Energy investors are having a blast after oil and gas names have seen rapid growth this year. We are nearing the halfway mark into 2022, and some TSX energy stocks have already doubled. Canadian energy bigwig Cenovus Energy (TSX:CVE)(NYSE:CVE) has returned 95% so far, standing tall among its peers. Interestingly, considering its balance sheet strength and supportive macro scenario, it is positioned well for further growth, too.
What’s next for CVE stock?
The energy sector has been in a sweet spot since the pandemic. Notably, Canadian names have rallied more than their U.S. counterparts, mainly because of their relative undervaluation.
Energy names have almost always lagged markets before the pandemic. Investors disdained oil and gas stocks due to massive value erosion. However, things changed upside down after mid-2020, as oil and gas prices rose, thanks to higher demand and flattened supply.
Importantly, oil-producing companies maintained a strict capital discipline in this commodity upcycle. They used excess free cash flows for debt repayments and not to substantially increase production. As a result, along with profitability, the financial health of the overall energy sector significantly improved.
Financial growth and balance sheet strength
Cenovus Energy has been no exception. Its net profit in Q1 2022 jumped by nearly eight times compared to the same quarter last year. In addition, free cash flows increased to $1.8 billion during the quarter against $594 million in Q1 2021.
Cenovus Energy aggressively repaid the debt due to surging free cash flows, which lightened its balance sheet in the last few quarters. Its net debt was around $13.3 billion in Q1 2021, which came down to $8.4 billion at the end of Q1 2022. Note that lowering debt means lower interest expenses and improved profitability.

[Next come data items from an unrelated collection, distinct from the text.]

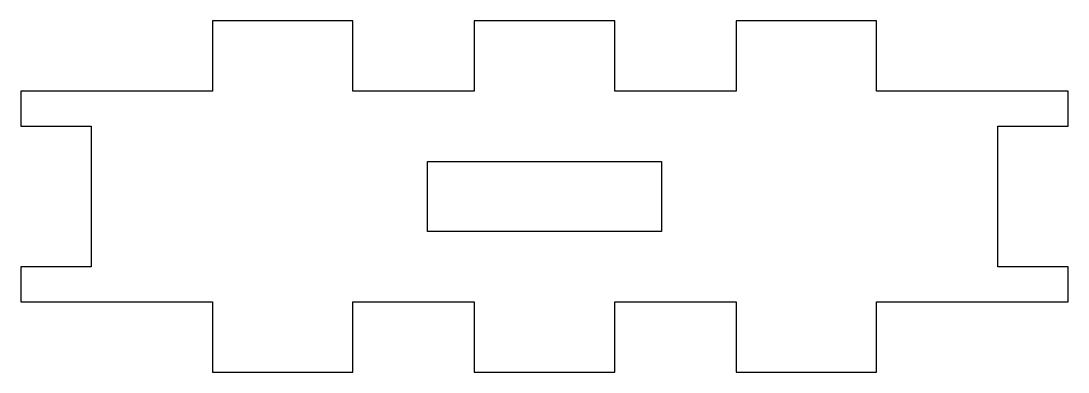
# Model space of a CAD drawing. Header units: millimetres. Extents: x -44.8 to 44.8, y -15 to 15.
import ezdxf

# ---------------------------------------------------------------- set-up
doc = ezdxf.new("R2010")
doc.units = ezdxf.units.MM

msp = doc.modelspace()

# ---------------------------------------------------------------- linework, layer by layer
for points in [[(-6, 15), (-6, 9), (-16.375, 9), (-16.375, 15), (-28.375, 15), (-28.375, 9), (-44.75, 9), (-44.75, 6), (-38.75, 6), (-38.75, -6), (-44.75, -6), (-44.75, -9), (-28.375, -9), (-28.375, -15), (-16.375, -15), (-16.375, -9), (-6, -9), (-6, -15), (6, -15), (6, -9), (16.375, -9), (16.375, -15), (28.375, -15), (28.375, -9), (44.75, -9), (44.75, -6), (38.75, -6), (38.75, 6), (44.75, 6), (44.75, 9), (28.375, 9), (28.375, 15), (16.375, 15), (16.375, 9), (6, 9), (6, 15)], [(-10, 3), (10, 3), (10, -3), (-10, -3)]]:
    msp.add_lwpolyline(points, close=True)

doc.saveas('drawing.dxf')

Another important thing to note is crude oil has been trading well above US$100 a barrel in the current quarter. Energy companies reaped significant benefits when oil averaged around US$90 during the first quarter. So, their second-quarter results will rather be superior compared to Q1 2022, driving TSX energy stocks even higher.
Cenovus Energy dividends
After reporting solid quarterly performance in Q1, Cenovus increased shareholder dividends three-fold. It will now pay a dividend of $0.42 per share annually, implying an annualized yield of 1.6%.
Though the yield looks trivial, the hike underlines the sweet spot Cenovus is in. It also conveys management’s confidence in its future earnings growth and balance sheet vigour. In addition, investors will likely see more such dividend growth, given the current oil price strength. Cenovus even clarified during its Q1 earnings that it would allocate 100% of its free cash flows to shareholder returns once it reaches a net debt target of $4 billion.
Even after doubling in 2022, Cenovus Energy does not look less appealing. The current oil price rally has brought energy producers a very fundamental change — the balance sheet strength — which none of the earlier rallies did. So, TSX energy stocks, including Cenovus Energy, will likely continue to create meaningful shareholder value, at least in 2022.